Which lines of the entries contain the string "True"? Please find them and copy them.

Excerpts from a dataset
====

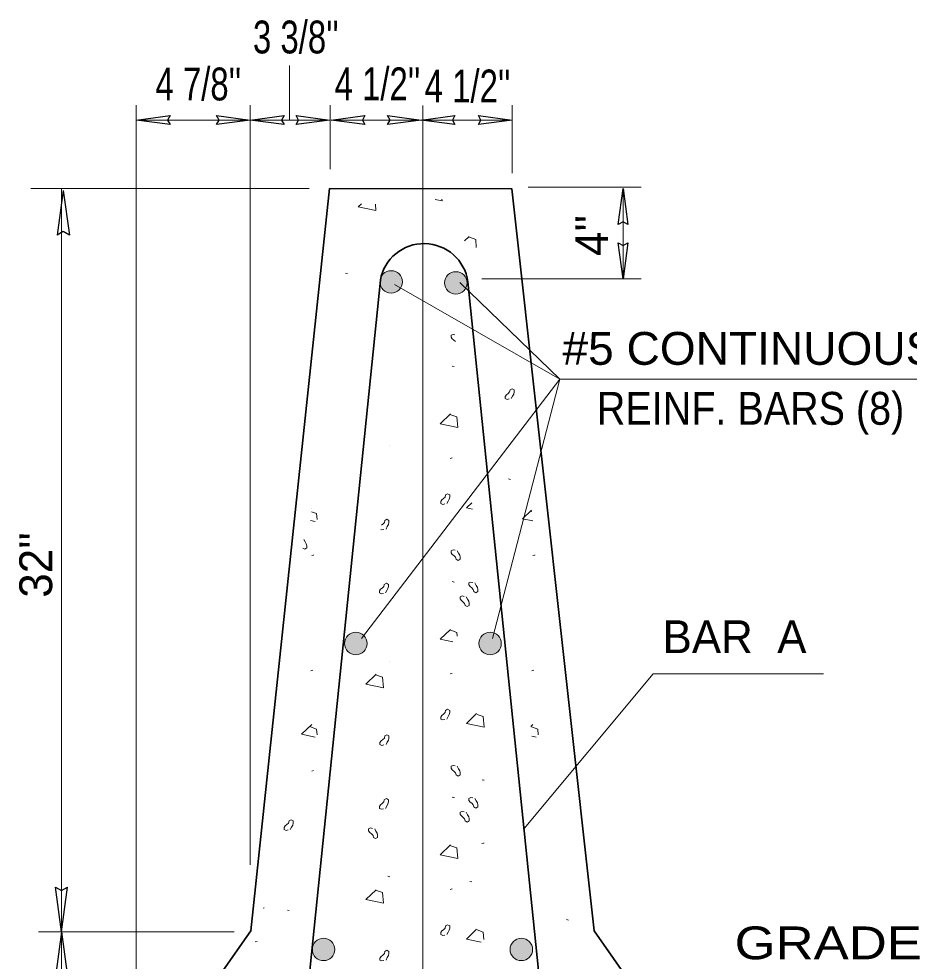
# Model space of a CAD drawing. Extents: x 124 to 525, y -471 to -16.
# Drawn here: x 244.82 to 278.72, y -226.86 to -190.98 of the extents above; entities that cross this region are included whole.
import ezdxf

# ---------------------------------------------------------------- set-up
doc = ezdxf.new("R2010")
doc.units = 0
doc.header["$LTSCALE"] = 0.5
doc.layers.add('1', color=7, linetype='Continuous', lineweight=13)

msp = doc.modelspace()

# ---------------------------------------------------------------- hatches: boundary and pattern name
at = {"layer": '1'}
for points in [[(258.5736, -200.9943, 1), (259.4292, -200.9943, 1)], [(261.0316, -201.0327, 1), (261.8872, -201.0327, 1)], [(257.2276, -214.7625, 1), (258.0832, -214.7625, 1)], [(262.3357, -214.7625, 1), (263.1912, -214.7625, 1)], [(255.9985, -226.409, 1), (256.8541, -226.409, 1)], [(263.5264, -226.409, 1), (264.3819, -226.409, 1)]]:
    msp.add_hatch(color=256, dxfattribs=at).paths.add_polyline_path(points)

# ---------------------------------------------------------------- linework, layer by layer
for p, q in [((255.1219, -194.8095), (255.1219, -192.7604)), ((249.2947, -230.9325), (249.2947, -194.2644)), ((253.6364, -223.1931), (253.6364, -194.2644)), ((256.6767, -194.2644), (256.6767, -196.7072)), ((260.199, -194.2823), (260.199, -244.4792)), ((263.6025, -194.2644), (263.6025, -196.8558)), ((249.2947, -194.8315), (253.6364, -194.8315)), ((249.2988, -194.8315), (249.2947, -194.8315)), ((253.6322, -194.8315), (253.6364, -194.8315)), ((256.6613, -194.8315), (253.6364, -194.8315)), ((253.6406, -194.8315), (253.6364, -194.8315)), ((256.6572, -194.8315), (256.6613, -194.8315)), ((256.7203, -194.8315), (256.7162, -194.8315)), ((256.7203, -194.8315), (256.7162, -194.8315)), ((260.14, -194.8315), (260.1442, -194.8315)), ((260.1483, -194.8315), (260.1442, -194.8315)), ((263.5983, -194.8315), (263.6025, -194.8315)), ((255.873, -197.4341), (245.2815, -197.4341)), ((264.2096, -197.3902), (268.5176, -197.3902)), ((267.8252, -200.8715), (267.8252, -197.4378)), ((267.8252, -197.4423), (267.8252, -197.4378)), ((261.9664, -199.2646), (261.7939, -199.4303)), ((262.4493, -200.8715), (268.5176, -200.8715)), ((267.8252, -200.867), (267.8252, -200.8715)), ((265.4231, -204.7023), (259.1203, -201.0988)), ((265.4231, -204.7023), (261.6103, -201.0209)), ((265.4231, -204.7023), (257.8753, -214.5715)), ((265.4231, -204.7023), (262.8553, -214.5715)), ((265.4231, -204.7023), (279.2737, -204.7023)), ((258.9469, -207.2303), (258.9481, -207.2316)), ((255.9781, -209.6362), (255.9777, -209.6367)), ((264.3525, -209.7365), (264.3439, -209.7336)), ((255.9307, -210.0823), (256.0996, -210.1176)), ((258.9462, -215.435), (258.9481, -215.4371)), ((264.3944, -217.8417), (264.3117, -217.9212)), ((264.3527, -218.289), (264.5159, -218.3231)), ((253.0182, -225.7404), (245.5766, -225.7404))]:
    msp.add_line(p, q, dxfattribs=at)
at = {"layer": '1', "lineweight": 25}
for p, q in [((246.5127, -197.5091), (246.2787, -199.2121)), ((246.5127, -197.5091), (246.7467, -199.2121)), ((246.448, -225.7404), (246.214, -224.0374)), ((246.448, -225.7404), (246.682, -224.0374)), ((246.448, -225.7404), (246.214, -227.4434)), ((246.448, -225.7404), (246.682, -227.4434))]:
    msp.add_line(p, q, dxfattribs=at)
at = {"layer": '1', "lineweight": 35}
for p, q in [((258.5871, -200.9302), (254.4784, -241.0893)), ((261.9206, -200.9882), (266.0389, -241.2413))]:
    msp.add_line(p, q, dxfattribs=at)
at = {"layer": '1', "lineweight": 25}
for points in [[(249.2947, -194.8315), (250.5783, -194.6589), (250.4794, -194.8315), (250.5783, -195.0041)], [(253.6364, -194.8315), (252.3528, -195.0041), (252.4517, -194.8315), (252.3528, -194.6589)], [(253.6364, -194.8315), (254.92, -194.6589), (254.8212, -194.8315), (254.92, -195.0041)], [(256.6613, -194.8315), (255.3777, -195.0041), (255.4766, -194.8315), (255.3777, -194.6589)], [(256.7162, -194.8315), (257.9998, -194.6589), (257.9009, -194.8315), (257.9998, -195.0041)], [(256.7162, -194.8315), (257.9998, -194.6589), (257.9009, -194.8315), (257.9998, -195.0041)], [(260.1442, -194.8315), (258.8605, -195.0041), (258.9594, -194.8315), (258.8605, -194.6589)], [(260.1442, -194.8315), (261.4278, -194.6589), (261.3289, -194.8315), (261.4278, -195.0041)], [(263.6025, -194.8315), (262.3188, -195.0041), (262.4178, -194.8315), (262.3188, -194.6589)], [(267.8252, -197.4378), (268.0094, -198.807), (267.8252, -198.7016), (267.6411, -198.807)], [(267.8252, -200.8715), (267.6411, -199.5023), (267.8252, -199.6077), (268.0094, -199.5023)]]:
    msp.add_lwpolyline(points, close=True, dxfattribs=at)
at = {"layer": '1'}
for points in [[(256.7162, -194.8315), (260.1442, -194.8315), (263.6025, -194.8315)], [(246.448, -197.4341), (246.448, -225.7404), (246.448, -234.7127)], [(257.8667, -198.0214), (257.7455, -198.138), (258.416, -198.2782), (258.397, -198.0299)], [(260.6694, -197.8545), (260.9355, -197.9101), (260.9308, -197.8493)], [(262.2397, -199.6813), (262.2159, -199.3738), (261.9821, -199.2957)], [(257.2628, -200.6559), (257.3362, -200.6746), (257.3382, -200.6767)], [(261.4448, -203.2662), (261.3894, -203.2109), (261.3271, -203.1639), (261.2802, -203.1016), (261.2804, -203.0238), (261.3584, -202.9924), (261.4182, -203.0043)], [(261.3212, -204.1997), (261.3945, -204.2184), (261.3965, -204.2206)], [(263.5726, -205.4346), (263.6192, -205.3407), (263.6661, -205.2629), (263.6817, -205.1849), (263.6817, -205.1069), (263.6039, -205.0602), (263.5256, -205.1069), (263.5099, -205.1849), (263.4477, -205.2471), (263.3852, -205.2941), (263.3386, -205.3564), (263.3388, -205.4344), (263.4166, -205.4656), (263.4946, -205.4502)], [(261.2527, -206.0221), (260.8629, -206.3966), (261.5336, -206.5369), (261.5023, -206.1312), (261.2684, -206.0532)], [(261.3212, -207.6927), (261.2481, -207.7116), (261.2459, -207.7136)], [(263.4624, -208.4975), (263.5358, -208.5162), (263.5378, -208.5183)], [(261.1181, -209.4338), (261.1649, -209.3402), (261.2116, -209.2621), (261.2272, -209.1842), (261.2272, -209.1059), (261.1492, -209.0594), (261.0712, -209.1062), (261.0554, -209.1842), (260.9932, -209.2464), (260.9307, -209.2934), (260.8841, -209.3556), (260.8841, -209.4338), (260.9621, -209.4649), (261.0401, -209.4494)], [(262.0686, -209.4043), (261.8631, -209.6017), (262.0935, -209.65)], [(256.1792, -210.0377), (256.1617, -209.8117), (255.9661, -209.7464)], [(264.3464, -209.6823), (264.0046, -210.0108), (264.3928, -210.0918)], [(258.8033, -210.4042), (258.8502, -210.3107), (258.897, -210.2327), (258.9127, -210.1547), (258.9127, -210.0768), (258.8347, -210.03), (258.7567, -210.0767), (258.741, -210.1547), (258.6787, -210.217), (258.6288, -210.2544)], [(258.6113, -210.4211), (258.6475, -210.4355), (258.7253, -210.4198)], [(255.6788, -210.8004), (255.7209, -210.8846), (255.7677, -210.9624), (255.7836, -211.0404), (255.7834, -211.1186), (255.7054, -211.1652), (255.6411, -211.1267)], [(261.5141, -211.2291), (261.5609, -211.3227), (261.6078, -211.4006), (261.6236, -211.4786), (261.6234, -211.5567), (261.5454, -211.6034), (261.4676, -211.5567), (261.4518, -211.4786), (261.3894, -211.4164), (261.3271, -211.3694), (261.2802, -211.3071), (261.2804, -211.2292), (261.3584, -211.1979), (261.4361, -211.2134)], [(255.9725, -211.4107), (256.0457, -211.3921), (256.0477, -211.3899)], [(264.3888, -211.4107), (264.462, -211.3921), (264.464, -211.3899)], [(258.7836, -212.8368), (258.8306, -212.7433), (258.8773, -212.6655), (258.8931, -212.5873), (258.8929, -212.5095), (258.8149, -212.4625), (258.7369, -212.5095), (258.7212, -212.5873), (258.6591, -212.6497), (258.5964, -212.6967), (258.5498, -212.7588), (258.5498, -212.8372), (258.6277, -212.8683), (258.7057, -212.8525)], [(261.3212, -212.4052), (261.3945, -212.4239), (261.3965, -212.4261)], [(262.1883, -212.4532), (262.2352, -212.5469), (262.282, -212.6248), (262.2978, -212.7027), (262.2977, -212.7809), (262.2197, -212.8276), (262.1418, -212.7809), (262.126, -212.7027), (262.0637, -212.6406), (262.0013, -212.5936), (261.9545, -212.5312), (261.9547, -212.4534), (262.0327, -212.4221), (262.1103, -212.4376)], [(261.8574, -212.9828), (261.9042, -213.0765), (261.9511, -213.1543), (261.9669, -213.2323), (261.9667, -213.3105), (261.8888, -213.3572), (261.8109, -213.3105), (261.7951, -213.2323), (261.7328, -213.1702), (261.6704, -213.1232), (261.6236, -213.0608), (261.6237, -212.983), (261.7018, -212.9517), (261.7794, -212.9672)], [(261.2527, -214.2276), (260.8629, -214.6021), (261.348, -214.7036)], [(261.5132, -214.4787), (261.5023, -214.3367), (261.2684, -214.2587)], [(255.9394, -215.7969), (256.0126, -215.7782), (256.0146, -215.7759)], [(258.4215, -215.9317), (258.032, -216.3062), (258.7025, -216.4463), (258.6715, -216.0408), (258.4375, -215.9628)], [(261.3212, -215.8982), (261.2481, -215.9171), (261.2459, -215.9191)], [(264.0568, -221.8082), (268.9768, -215.9152), (275.4599, -215.9152)], [(264.3558, -215.7969), (264.4289, -215.7782), (264.4309, -215.7759)], [(261.1181, -217.6393), (261.1649, -217.5457), (261.2116, -217.4676), (261.2272, -217.3897), (261.2272, -217.3114), (261.1492, -217.2649), (261.0712, -217.3117), (261.0554, -217.3897), (260.9932, -217.4519), (260.9307, -217.4989), (260.8841, -217.5611), (260.8841, -217.6393), (260.9621, -217.6704), (261.0401, -217.6549)], [(262.2529, -217.4327), (261.8631, -217.8072), (262.5337, -217.9476), (262.5024, -217.5419), (262.2686, -217.4639)], [(255.9781, -217.8417), (255.5882, -218.2163), (256.0996, -218.3231)], [(256.1792, -218.2432), (256.1617, -218.0172), (255.9276, -217.9391)], [(264.5956, -218.2432), (264.5781, -218.0172), (264.3439, -217.9391)], [(258.8033, -218.6097), (258.8502, -218.5162), (258.897, -218.4382), (258.9127, -218.3602), (258.9127, -218.2823), (258.8347, -218.2355), (258.7567, -218.2822), (258.741, -218.3602), (258.6787, -218.4225), (258.6162, -218.4695), (258.5695, -218.5317), (258.5695, -218.6098), (258.6475, -218.641), (258.7253, -218.6253)], [(261.5141, -219.4346), (261.5609, -219.5282), (261.6078, -219.6061), (261.6236, -219.6841), (261.6234, -219.7622), (261.5454, -219.8089), (261.4676, -219.7622), (261.4518, -219.6841), (261.3894, -219.6219), (261.3271, -219.5749), (261.2802, -219.5126), (261.2804, -219.4347), (261.3584, -219.4034), (261.4361, -219.4189)], [(255.9725, -219.6162), (256.0457, -219.5976), (256.0477, -219.5954)], [(262.4586, -219.9491), (262.5319, -219.9677), (262.5339, -219.9699)], [(261.3212, -220.6107), (261.3945, -220.6294), (261.3965, -220.6316)], [(262.1883, -220.6587), (262.2352, -220.7524), (262.282, -220.8303), (262.2978, -220.9082), (262.2977, -220.9864), (262.2197, -221.0331), (262.1418, -220.9864), (262.126, -220.9082), (262.0637, -220.8461), (262.0013, -220.7991), (261.9545, -220.7368), (261.9547, -220.6589), (262.0327, -220.6276), (262.1103, -220.6431)], [(258.7836, -221.0423), (258.8306, -220.9488), (258.8773, -220.871), (258.8931, -220.7928), (258.8929, -220.715), (258.8149, -220.668), (258.7369, -220.715), (258.7212, -220.7928), (258.6591, -220.8552), (258.5964, -220.9022), (258.5498, -220.9643), (258.5498, -221.0427), (258.6277, -221.0738), (258.7057, -221.058)], [(261.8574, -221.1883), (261.9042, -221.282), (261.9511, -221.3598), (261.9669, -221.4378), (261.9667, -221.516), (261.8888, -221.5627), (261.8109, -221.516), (261.7951, -221.4378), (261.7328, -221.3757), (261.6704, -221.3287), (261.6236, -221.2663), (261.6237, -221.1885), (261.7018, -221.1572), (261.7794, -221.1727)], [(255.1562, -221.8456), (255.2029, -221.7517), (255.2497, -221.6739), (255.2654, -221.5959), (255.2654, -221.5179), (255.1876, -221.4712), (255.1093, -221.5179), (255.0936, -221.5959), (255.0314, -221.6581), (254.9689, -221.7051), (254.9222, -221.7674), (254.9224, -221.8454), (255.0002, -221.8766), (255.0782, -221.8612)], [(258.3709, -221.817), (258.4178, -221.9107), (258.4646, -221.9885), (258.4804, -222.0665), (258.4803, -222.1447), (258.4022, -222.1913), (258.3244, -222.1447), (258.3086, -222.0665), (258.2462, -222.0043), (258.1839, -221.9573), (258.1371, -221.895), (258.1372, -221.8172), (258.2152, -221.7858), (258.2929, -221.8013)], [(261.2527, -222.4331), (260.8629, -222.8076), (261.5336, -222.9479), (261.5023, -222.5422), (261.2684, -222.4642)], [(262.4541, -222.3761), (262.5274, -222.3572), (262.5296, -222.3551)], [(258.8727, -223.6217), (258.9461, -223.6404), (258.9481, -223.6426)], [(261.9954, -223.8203), (262.0687, -223.839), (262.0707, -223.8412)], [(258.4215, -224.1372), (258.032, -224.5117), (258.7025, -224.6518), (258.6715, -224.2463), (258.4375, -224.1683)], [(261.3212, -224.1037), (261.2481, -224.1226), (261.2459, -224.1246)], [(254.1238, -224.8394), (254.1603, -224.83), (254.1614, -224.829)], [(255.0461, -224.9085), (255.1194, -224.9272), (255.1214, -224.9293)], [(265.6792, -225.2724), (265.7525, -225.2911), (265.7545, -225.2933)], [(261.1181, -225.8448), (261.1649, -225.7512), (261.2116, -225.6731), (261.2272, -225.5952), (261.2272, -225.5169), (261.1492, -225.4704), (261.0712, -225.5172), (261.0554, -225.5952), (260.9932, -225.6574), (260.9307, -225.7044), (260.8841, -225.7666), (260.8841, -225.8448), (260.9621, -225.8759), (261.0401, -225.8604)], [(262.2529, -225.6382), (261.8631, -226.0127), (262.4208, -226.1295)], [(262.5245, -226.0337), (262.5024, -225.7474), (262.2686, -225.6694)], [(253.8266, -226.123), (253.8999, -226.104), (253.9021, -226.102)], [(258.8033, -226.8152), (258.8502, -226.7217), (258.897, -226.6437), (258.9127, -226.5657), (258.9127, -226.4878), (258.8347, -226.441), (258.7567, -226.4877), (258.741, -226.5657), (258.6787, -226.628), (258.6162, -226.675), (258.5695, -226.7372), (258.5695, -226.8153), (258.6475, -226.8465), (258.7253, -226.8308)]]:
    msp.add_lwpolyline(points, dxfattribs=at)
at = {"layer": '1', "lineweight": 35}
msp.add_lwpolyline([(249.3215, -243.0395), (249.3215, -231.8906), (253.6505, -225.7076), (256.6536, -197.4431), (263.5896, -197.4456), (266.7228, -225.7076), (271.0517, -231.8906), (271.0517, -243.0395)], close=True, dxfattribs=at)
at = {"layer": '1', "lineweight": 25}
for points in [[(246.7467, -199.2121), (246.5102, -199.0803), (246.2787, -199.2121)], [(246.214, -224.0374), (246.4504, -224.1692), (246.682, -224.0374)]]:
    msp.add_lwpolyline(points, dxfattribs=at)
at = {"layer": '1'}
for centre in [(259.0014, -200.9943), (261.4594, -201.0327), (257.6554, -214.7625), (262.7635, -214.7625), (256.4263, -226.409), (263.9541, -226.409)]:
    msp.add_circle(centre, 0.4278, dxfattribs=at)
at = {"layer": '1', "lineweight": 35}
msp.add_arc((260.2493, -201.2229), 1.6878, 7.99329, 170.01262, dxfattribs=at)

# ---------------------------------------------------------------- texts
at = {"layer": '1'}
for s, width, p in [("3 3/8''", 0.75, (253.736, -192.2945)), ("4 7/8''", 0.75, (250.0229, -194.0833)), ("4 1/2''", 0.75, (256.8438, -194.077)), ("4 1/2''", 0.75, (260.2745, -194.1601)), ('#5 CONTINUOUS', 1.05, (265.5197, -204.1503)), ('REINF. BARS (8)', 0.9, (266.8305, -206.4325)), ('   GRADE', 1.2, (270.4013, -226.7849))]:
    msp.add_text(s, height=1.25, dxfattribs=dict(at, width=width)).set_placement(p)
for s, p in [("4''", (267.2602, -200.0086)), ("32''", (246.0921, -213.0172))]:
    msp.add_text(s, height=1.25, rotation=90, dxfattribs=at).set_placement(p)
msp.add_text('BAR  A', height=1.25, dxfattribs=at).set_placement((269.3309, -215.129))

doc.saveas('drawing.dxf')

====

Expected output:
    msp.add_lwpolyline(points, close=True, dxfattribs=at)
msp.add_lwpolyline([(249.3215, -243.0395), (249.3215, -231.8906), (253.6505, -225.7076), (256.6536, -197.4431), (263.5896, -197.4456), (266.7228, -225.7076), (271.0517, -231.8906), (271.0517, -243.0395)], close=True, dxfattribs=at)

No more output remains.